DATASET EXTRACT Start Marker

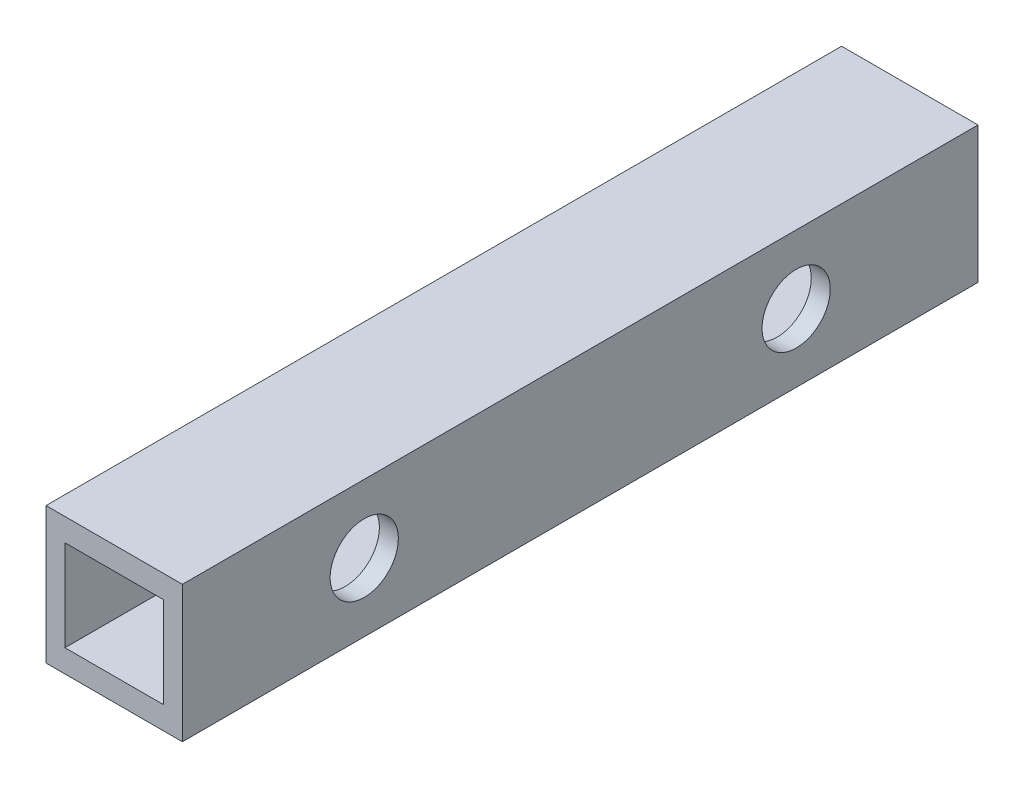
ISO-10303-21;
HEADER;
FILE_DESCRIPTION(('STEP AP214'),'2;1');
FILE_NAME('part.step','',(''),(''),'','','');
FILE_SCHEMA(('AUTOMOTIVE_DESIGN { 1 0 10303 214 1 1 1 1 }'));
ENDSEC;
DATA;
#1=APPLICATION_CONTEXT('core data for automotive mechanical design processes');
#2=APPLICATION_PROTOCOL_DEFINITION('international standard','automotive_design',2000,#1);
#3=PRODUCT_CONTEXT('',#1,'mechanical');
#4=PRODUCT('Part','Part','',(#3));
#5=PRODUCT_RELATED_PRODUCT_CATEGORY('part','',(#4));
#6=PRODUCT_DEFINITION_FORMATION('','',#4);
#7=PRODUCT_DEFINITION_CONTEXT('part definition',#1,'design');
#8=PRODUCT_DEFINITION('design','',#6,#7);
#9=PRODUCT_DEFINITION_SHAPE('','',#8);
#10=(LENGTH_UNIT() NAMED_UNIT(*) SI_UNIT(.MILLI.,.METRE.));
#11=(NAMED_UNIT(*) PLANE_ANGLE_UNIT() SI_UNIT($,.RADIAN.));
#12=(NAMED_UNIT(*) SI_UNIT($,.STERADIAN.) SOLID_ANGLE_UNIT());
#13=UNCERTAINTY_MEASURE_WITH_UNIT(LENGTH_MEASURE(1.E-05),#10,'distance_accuracy_value','');
#14=(GEOMETRIC_REPRESENTATION_CONTEXT(3) GLOBAL_UNCERTAINTY_ASSIGNED_CONTEXT((#13)) GLOBAL_UNIT_ASSIGNED_CONTEXT((#10,
#11,#12)) REPRESENTATION_CONTEXT('',''));
#15=CARTESIAN_POINT('',(0.,0.,0.));
#16=DIRECTION('',(0.,0.,1.));
#17=DIRECTION('',(1.,0.,0.));
#18=AXIS2_PLACEMENT_3D('',#15,#16,#17);
#19=CARTESIAN_POINT('',(30.,-30.,350.));
#20=DIRECTION('',(-1.,0.,0.));
#21=DIRECTION('',(0.,0.,1.));
#22=AXIS2_PLACEMENT_3D('',#19,#20,#21);
#23=PLANE('',#22);
#24=CARTESIAN_POINT('',(30.,0.,270.));
#25=DIRECTION('',(-1.,0.,0.));
#26=DIRECTION('',(0.,0.,1.));
#27=AXIS2_PLACEMENT_3D('',#24,#25,#26);
#28=CIRCLE('',#27,15.);
#29=CARTESIAN_POINT('',(30.,0.,255.));
#30=VERTEX_POINT('',#29);
#31=EDGE_CURVE('E246',#30,#30,#28,.T.);
#32=ORIENTED_EDGE('',*,*,#31,.T.);
#33=EDGE_LOOP('',(#32));
#34=FACE_BOUND('',#33,.T.);
#35=CARTESIAN_POINT('',(30.,0.,80.));
#36=DIRECTION('',(1.,0.,0.));
#37=DIRECTION('',(0.,0.,-1.));
#38=AXIS2_PLACEMENT_3D('',#35,#36,#37);
#39=CIRCLE('',#38,15.);
#40=CARTESIAN_POINT('',(30.,0.,65.));
#41=VERTEX_POINT('',#40);
#42=EDGE_CURVE('E194',#41,#41,#39,.T.);
#43=ORIENTED_EDGE('',*,*,#42,.F.);
#44=EDGE_LOOP('',(#43));
#45=FACE_BOUND('',#44,.T.);
#46=DIRECTION('',(0.,1.,0.));
#47=VECTOR('',#46,1.);
#48=CARTESIAN_POINT('',(30.,-30.,0.));
#49=LINE('',#48,#47);
#50=CARTESIAN_POINT('',(30.,-30.,0.));
#51=VERTEX_POINT('',#50);
#52=CARTESIAN_POINT('',(30.,30.,0.));
#53=VERTEX_POINT('',#52);
#54=EDGE_CURVE('E154',#51,#53,#49,.T.);
#55=ORIENTED_EDGE('',*,*,#54,.T.);
#56=DIRECTION('',(0.,0.,-1.));
#57=VECTOR('',#56,1.);
#58=CARTESIAN_POINT('',(30.,30.,350.));
#59=LINE('',#58,#57);
#60=CARTESIAN_POINT('',(30.,30.,350.));
#61=VERTEX_POINT('',#60);
#62=EDGE_CURVE('E11',#61,#53,#59,.T.);
#63=ORIENTED_EDGE('',*,*,#62,.F.);
#64=DIRECTION('',(0.,1.,0.));
#65=VECTOR('',#64,1.);
#66=CARTESIAN_POINT('',(30.,-30.,350.));
#67=LINE('',#66,#65);
#68=CARTESIAN_POINT('',(30.,-30.,350.));
#69=VERTEX_POINT('',#68);
#70=EDGE_CURVE('E155',#69,#61,#67,.T.);
#71=ORIENTED_EDGE('',*,*,#70,.F.);
#72=DIRECTION('',(0.,0.,-1.));
#73=VECTOR('',#72,1.);
#74=CARTESIAN_POINT('',(30.,-30.,350.));
#75=LINE('',#74,#73);
#76=EDGE_CURVE('E169',#69,#51,#75,.T.);
#77=ORIENTED_EDGE('',*,*,#76,.T.);
#78=EDGE_LOOP('',(#55,#63,#71,#77));
#79=FACE_BOUND('',#78,.T.);
#80=ADVANCED_FACE('F39',(#34,#45,#79),#23,.F.);
#81=CARTESIAN_POINT('',(-30.,30.,350.));
#82=DIRECTION('',(0.,-1.,0.));
#83=DIRECTION('',(0.,0.,-1.));
#84=AXIS2_PLACEMENT_3D('',#81,#82,#83);
#85=PLANE('',#84);
#86=DIRECTION('',(-1.,0.,0.));
#87=VECTOR('',#86,1.);
#88=CARTESIAN_POINT('',(-30.,30.,0.));
#89=LINE('',#88,#87);
#90=CARTESIAN_POINT('',(-30.,30.,0.));
#91=VERTEX_POINT('',#90);
#92=EDGE_CURVE('E173',#53,#91,#89,.T.);
#93=ORIENTED_EDGE('',*,*,#92,.T.);
#94=DIRECTION('',(0.,0.,-1.));
#95=VECTOR('',#94,1.);
#96=CARTESIAN_POINT('',(-30.,30.,350.));
#97=LINE('',#96,#95);
#98=CARTESIAN_POINT('',(-30.,30.,350.));
#99=VERTEX_POINT('',#98);
#100=EDGE_CURVE('E48',#99,#91,#97,.T.);
#101=ORIENTED_EDGE('',*,*,#100,.F.);
#102=DIRECTION('',(-1.,0.,0.));
#103=VECTOR('',#102,1.);
#104=CARTESIAN_POINT('',(-30.,30.,350.));
#105=LINE('',#104,#103);
#106=EDGE_CURVE('E159',#61,#99,#105,.T.);
#107=ORIENTED_EDGE('',*,*,#106,.F.);
#108=ORIENTED_EDGE('',*,*,#62,.T.);
#109=EDGE_LOOP('',(#93,#101,#107,#108));
#110=FACE_BOUND('',#109,.T.);
#111=ADVANCED_FACE('F237',(#110),#85,.F.);
#112=CARTESIAN_POINT('',(-30.,-30.,350.));
#113=DIRECTION('',(1.,0.,0.));
#114=DIRECTION('',(0.,0.,-1.));
#115=AXIS2_PLACEMENT_3D('',#112,#113,#114);
#116=PLANE('',#115);
#117=CARTESIAN_POINT('',(-30.,0.,270.));
#118=DIRECTION('',(1.,0.,0.));
#119=DIRECTION('',(0.,0.,-1.));
#120=AXIS2_PLACEMENT_3D('',#117,#118,#119);
#121=CIRCLE('',#120,15.);
#122=CARTESIAN_POINT('',(-30.,0.,255.));
#123=VERTEX_POINT('',#122);
#124=EDGE_CURVE('E203',#123,#123,#121,.F.);
#125=ORIENTED_EDGE('',*,*,#124,.F.);
#126=EDGE_LOOP('',(#125));
#127=FACE_BOUND('',#126,.T.);
#128=CARTESIAN_POINT('',(-30.,0.,80.));
#129=DIRECTION('',(1.,0.,0.));
#130=DIRECTION('',(0.,0.,-1.));
#131=AXIS2_PLACEMENT_3D('',#128,#129,#130);
#132=CIRCLE('',#131,15.);
#133=CARTESIAN_POINT('',(-30.,0.,65.));
#134=VERTEX_POINT('',#133);
#135=EDGE_CURVE('E200',#134,#134,#132,.T.);
#136=ORIENTED_EDGE('',*,*,#135,.T.);
#137=EDGE_LOOP('',(#136));
#138=FACE_BOUND('',#137,.T.);
#139=DIRECTION('',(0.,-1.,0.));
#140=VECTOR('',#139,1.);
#141=CARTESIAN_POINT('',(-30.,-30.,0.));
#142=LINE('',#141,#140);
#143=CARTESIAN_POINT('',(-30.,-30.,0.));
#144=VERTEX_POINT('',#143);
#145=EDGE_CURVE('E176',#91,#144,#142,.T.);
#146=ORIENTED_EDGE('',*,*,#145,.T.);
#147=DIRECTION('',(0.,0.,-1.));
#148=VECTOR('',#147,1.);
#149=CARTESIAN_POINT('',(-30.,-30.,350.));
#150=LINE('',#149,#148);
#151=CARTESIAN_POINT('',(-30.,-30.,350.));
#152=VERTEX_POINT('',#151);
#153=EDGE_CURVE('E184',#152,#144,#150,.T.);
#154=ORIENTED_EDGE('',*,*,#153,.F.);
#155=DIRECTION('',(0.,-1.,0.));
#156=VECTOR('',#155,1.);
#157=CARTESIAN_POINT('',(-30.,-30.,350.));
#158=LINE('',#157,#156);
#159=EDGE_CURVE('E163',#99,#152,#158,.T.);
#160=ORIENTED_EDGE('',*,*,#159,.F.);
#161=ORIENTED_EDGE('',*,*,#100,.T.);
#162=EDGE_LOOP('',(#146,#154,#160,#161));
#163=FACE_BOUND('',#162,.T.);
#164=ADVANCED_FACE('F218',(#127,#138,#163),#116,.F.);
#165=CARTESIAN_POINT('',(-30.,-30.,350.));
#166=DIRECTION('',(0.,1.,0.));
#167=DIRECTION('',(0.,0.,1.));
#168=AXIS2_PLACEMENT_3D('',#165,#166,#167);
#169=PLANE('',#168);
#170=DIRECTION('',(1.,0.,0.));
#171=VECTOR('',#170,1.);
#172=CARTESIAN_POINT('',(-30.,-30.,0.));
#173=LINE('',#172,#171);
#174=EDGE_CURVE('E160',#144,#51,#173,.T.);
#175=ORIENTED_EDGE('',*,*,#174,.T.);
#176=ORIENTED_EDGE('',*,*,#76,.F.);
#177=DIRECTION('',(1.,0.,0.));
#178=VECTOR('',#177,1.);
#179=CARTESIAN_POINT('',(-30.,-30.,350.));
#180=LINE('',#179,#178);
#181=EDGE_CURVE('E166',#152,#69,#180,.T.);
#182=ORIENTED_EDGE('',*,*,#181,.F.);
#183=ORIENTED_EDGE('',*,*,#153,.T.);
#184=EDGE_LOOP('',(#175,#176,#182,#183));
#185=FACE_BOUND('',#184,.T.);
#186=ADVANCED_FACE('F261',(#185),#169,.F.);
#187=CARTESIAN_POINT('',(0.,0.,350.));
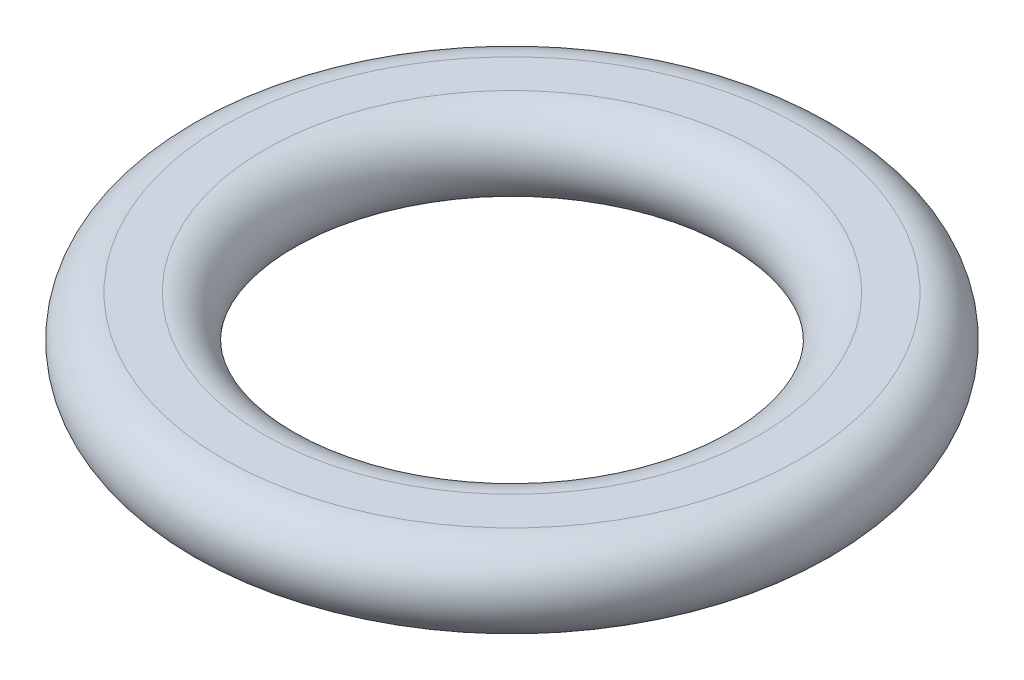
ISO-10303-21;
HEADER;
FILE_DESCRIPTION(('STEP AP214'),'2;1');
FILE_NAME('part.step','',(''),(''),'','','');
FILE_SCHEMA(('AUTOMOTIVE_DESIGN { 1 0 10303 214 1 1 1 1 }'));
ENDSEC;
DATA;
#1=APPLICATION_CONTEXT('core data for automotive mechanical design processes');
#2=APPLICATION_PROTOCOL_DEFINITION('international standard','automotive_design',2000,#1);
#3=PRODUCT_CONTEXT('',#1,'mechanical');
#4=PRODUCT('Part','Part','',(#3));
#5=PRODUCT_RELATED_PRODUCT_CATEGORY('part','',(#4));
#6=PRODUCT_DEFINITION_FORMATION('','',#4);
#7=PRODUCT_DEFINITION_CONTEXT('part definition',#1,'design');
#8=PRODUCT_DEFINITION('design','',#6,#7);
#9=PRODUCT_DEFINITION_SHAPE('','',#8);
#10=(LENGTH_UNIT() NAMED_UNIT(*) SI_UNIT(.MILLI.,.METRE.));
#11=(NAMED_UNIT(*) PLANE_ANGLE_UNIT() SI_UNIT($,.RADIAN.));
#12=(NAMED_UNIT(*) SI_UNIT($,.STERADIAN.) SOLID_ANGLE_UNIT());
#13=UNCERTAINTY_MEASURE_WITH_UNIT(LENGTH_MEASURE(1.E-05),#10,'distance_accuracy_value','');
#14=(GEOMETRIC_REPRESENTATION_CONTEXT(3) GLOBAL_UNCERTAINTY_ASSIGNED_CONTEXT((#13)) GLOBAL_UNIT_ASSIGNED_CONTEXT((#10,
#11,#12)) REPRESENTATION_CONTEXT('',''));
#15=CARTESIAN_POINT('',(0.,0.,0.));
#16=DIRECTION('',(0.,0.,1.));
#17=DIRECTION('',(1.,0.,0.));
#18=AXIS2_PLACEMENT_3D('',#15,#16,#17);
#19=CARTESIAN_POINT('',(0.,0.,0.));
#20=DIRECTION('',(0.,1.,0.));
#21=DIRECTION('',(0.,0.,1.));
#22=AXIS2_PLACEMENT_3D('',#19,#20,#21);
#23=TOROIDAL_SURFACE('',#22,3.,0.5);
#24=CARTESIAN_POINT('',(0.,-0.5,0.));
#25=DIRECTION('',(0.,1.,0.));
#26=DIRECTION('',(0.,0.,1.));
#27=AXIS2_PLACEMENT_3D('',#24,#25,#26);
#28=CIRCLE('',#27,3.);
#29=CARTESIAN_POINT('',(0.,-0.5,3.));
#30=VERTEX_POINT('',#29);
#31=EDGE_CURVE('E10',#30,#30,#28,.T.);
#32=ORIENTED_EDGE('',*,*,#31,.F.);
#33=EDGE_LOOP('',(#32));
#34=FACE_BOUND('',#33,.T.);
#35=CARTESIAN_POINT('',(0.,0.5,0.));
#36=DIRECTION('',(0.,1.,0.));
#37=DIRECTION('',(0.,0.,1.));
#38=AXIS2_PLACEMENT_3D('',#35,#36,#37);
#39=CIRCLE('',#38,3.);
#40=CARTESIAN_POINT('',(0.,0.5,3.));
#41=VERTEX_POINT('',#40);
#42=EDGE_CURVE('E44',#41,#41,#39,.T.);
#43=ORIENTED_EDGE('',*,*,#42,.T.);
#44=EDGE_LOOP('',(#43));
#45=FACE_BOUND('',#44,.T.);
#46=ADVANCED_FACE('F30',(#34,#45),#23,.T.);
#47=CARTESIAN_POINT('',(3.,-0.5,0.));
#48=DIRECTION('',(0.,1.,0.));
#49=DIRECTION('',(0.,0.,1.));
#50=AXIS2_PLACEMENT_3D('',#47,#48,#49);
#51=PLANE('',#50);
#52=CARTESIAN_POINT('',(0.,-0.5,0.));
#53=DIRECTION('',(0.,1.,0.));
#54=DIRECTION('',(0.,0.,1.));
#55=AXIS2_PLACEMENT_3D('',#52,#53,#54);
#56=CIRCLE('',#55,3.5);
#57=CARTESIAN_POINT('',(0.,-0.5,3.5));
#58=VERTEX_POINT('',#57);
#59=EDGE_CURVE('E36',#58,#58,#56,.T.);
#60=ORIENTED_EDGE('',*,*,#59,.F.);
#61=EDGE_LOOP('',(#60));
#62=FACE_BOUND('',#61,.T.);
#63=ORIENTED_EDGE('',*,*,#31,.T.);
#64=EDGE_LOOP('',(#63));
#65=FACE_BOUND('',#64,.T.);
#66=ADVANCED_FACE('F59',(#62,#65),#51,.F.);
#67=CARTESIAN_POINT('',(0.,0.,0.));
#68=DIRECTION('',(0.,1.,0.));
#69=DIRECTION('',(0.,0.,1.));
#70=AXIS2_PLACEMENT_3D('',#67,#68,#69);
#71=TOROIDAL_SURFACE('',#70,3.5,0.5);
#72=CARTESIAN_POINT('',(0.,0.5,0.));
#73=DIRECTION('',(0.,1.,0.));
#74=DIRECTION('',(0.,0.,1.));
#75=AXIS2_PLACEMENT_3D('',#72,#73,#74);
#76=CIRCLE('',#75,3.5);
#77=CARTESIAN_POINT('',(0.,0.5,3.5));
#78=VERTEX_POINT('',#77);
#79=EDGE_CURVE('E40',#78,#78,#76,.T.);
#80=ORIENTED_EDGE('',*,*,#79,.F.);
#81=EDGE_LOOP('',(#80));
#82=FACE_BOUND('',#81,.T.);
#83=ORIENTED_EDGE('',*,*,#59,.T.);
#84=EDGE_LOOP('',(#83));
#85=FACE_BOUND('',#84,.T.);
#86=ADVANCED_FACE('F54',(#82,#85),#71,.T.);
#87=CARTESIAN_POINT('',(3.,0.5,0.));
#88=DIRECTION('',(0.,-1.,0.));
#89=DIRECTION('',(0.,0.,-1.));
#90=AXIS2_PLACEMENT_3D('',#87,#88,#89);
#91=PLANE('',#90);
#92=ORIENTED_EDGE('',*,*,#42,.F.);
#93=EDGE_LOOP('',(#92));
#94=FACE_BOUND('',#93,.T.);
#95=ORIENTED_EDGE('',*,*,#79,.T.);
#96=EDGE_LOOP('',(#95));
#97=FACE_BOUND('',#96,.T.);
#98=ADVANCED_FACE('F51',(#94,#97),#91,.F.);
#99=CLOSED_SHELL('',(#46,#66,#86,#98));
#100=MANIFOLD_SOLID_BREP('B2',#99);
#101=ADVANCED_BREP_SHAPE_REPRESENTATION('',(#18,#100),#14);
#102=SHAPE_DEFINITION_REPRESENTATION(#9,#101);
ENDSEC;
END-ISO-10303-21;

DATASET EXTRACT End Marker

Scan the listing above for the line that has "#60=CARTESIAN_POINT('',(30.,30.,350.));", then copy exactly from that line through the line that has "#92=EDGE_CURVE('E173',#53,#91,#89,.T.);".

#60=CARTESIAN_POINT('',(30.,30.,350.));
#61=VERTEX_POINT('',#60);
#62=EDGE_CURVE('E11',#61,#53,#59,.T.);
#63=ORIENTED_EDGE('',*,*,#62,.F.);
#64=DIRECTION('',(0.,1.,0.));
#65=VECTOR('',#64,1.);
#66=CARTESIAN_POINT('',(30.,-30.,350.));
#67=LINE('',#66,#65);
#68=CARTESIAN_POINT('',(30.,-30.,350.));
#69=VERTEX_POINT('',#68);
#70=EDGE_CURVE('E155',#69,#61,#67,.T.);
#71=ORIENTED_EDGE('',*,*,#70,.F.);
#72=DIRECTION('',(0.,0.,-1.));
#73=VECTOR('',#72,1.);
#74=CARTESIAN_POINT('',(30.,-30.,350.));
#75=LINE('',#74,#73);
#76=EDGE_CURVE('E169',#69,#51,#75,.T.);
#77=ORIENTED_EDGE('',*,*,#76,.T.);
#78=EDGE_LOOP('',(#55,#63,#71,#77));
#79=FACE_BOUND('',#78,.T.);
#80=ADVANCED_FACE('F39',(#34,#45,#79),#23,.F.);
#81=CARTESIAN_POINT('',(-30.,30.,350.));
#82=DIRECTION('',(0.,-1.,0.));
#83=DIRECTION('',(0.,0.,-1.));
#84=AXIS2_PLACEMENT_3D('',#81,#82,#83);
#85=PLANE('',#84);
#86=DIRECTION('',(-1.,0.,0.));
#87=VECTOR('',#86,1.);
#88=CARTESIAN_POINT('',(-30.,30.,0.));
#89=LINE('',#88,#87);
#90=CARTESIAN_POINT('',(-30.,30.,0.));
#91=VERTEX_POINT('',#90);
#92=EDGE_CURVE('E173',#53,#91,#89,.T.);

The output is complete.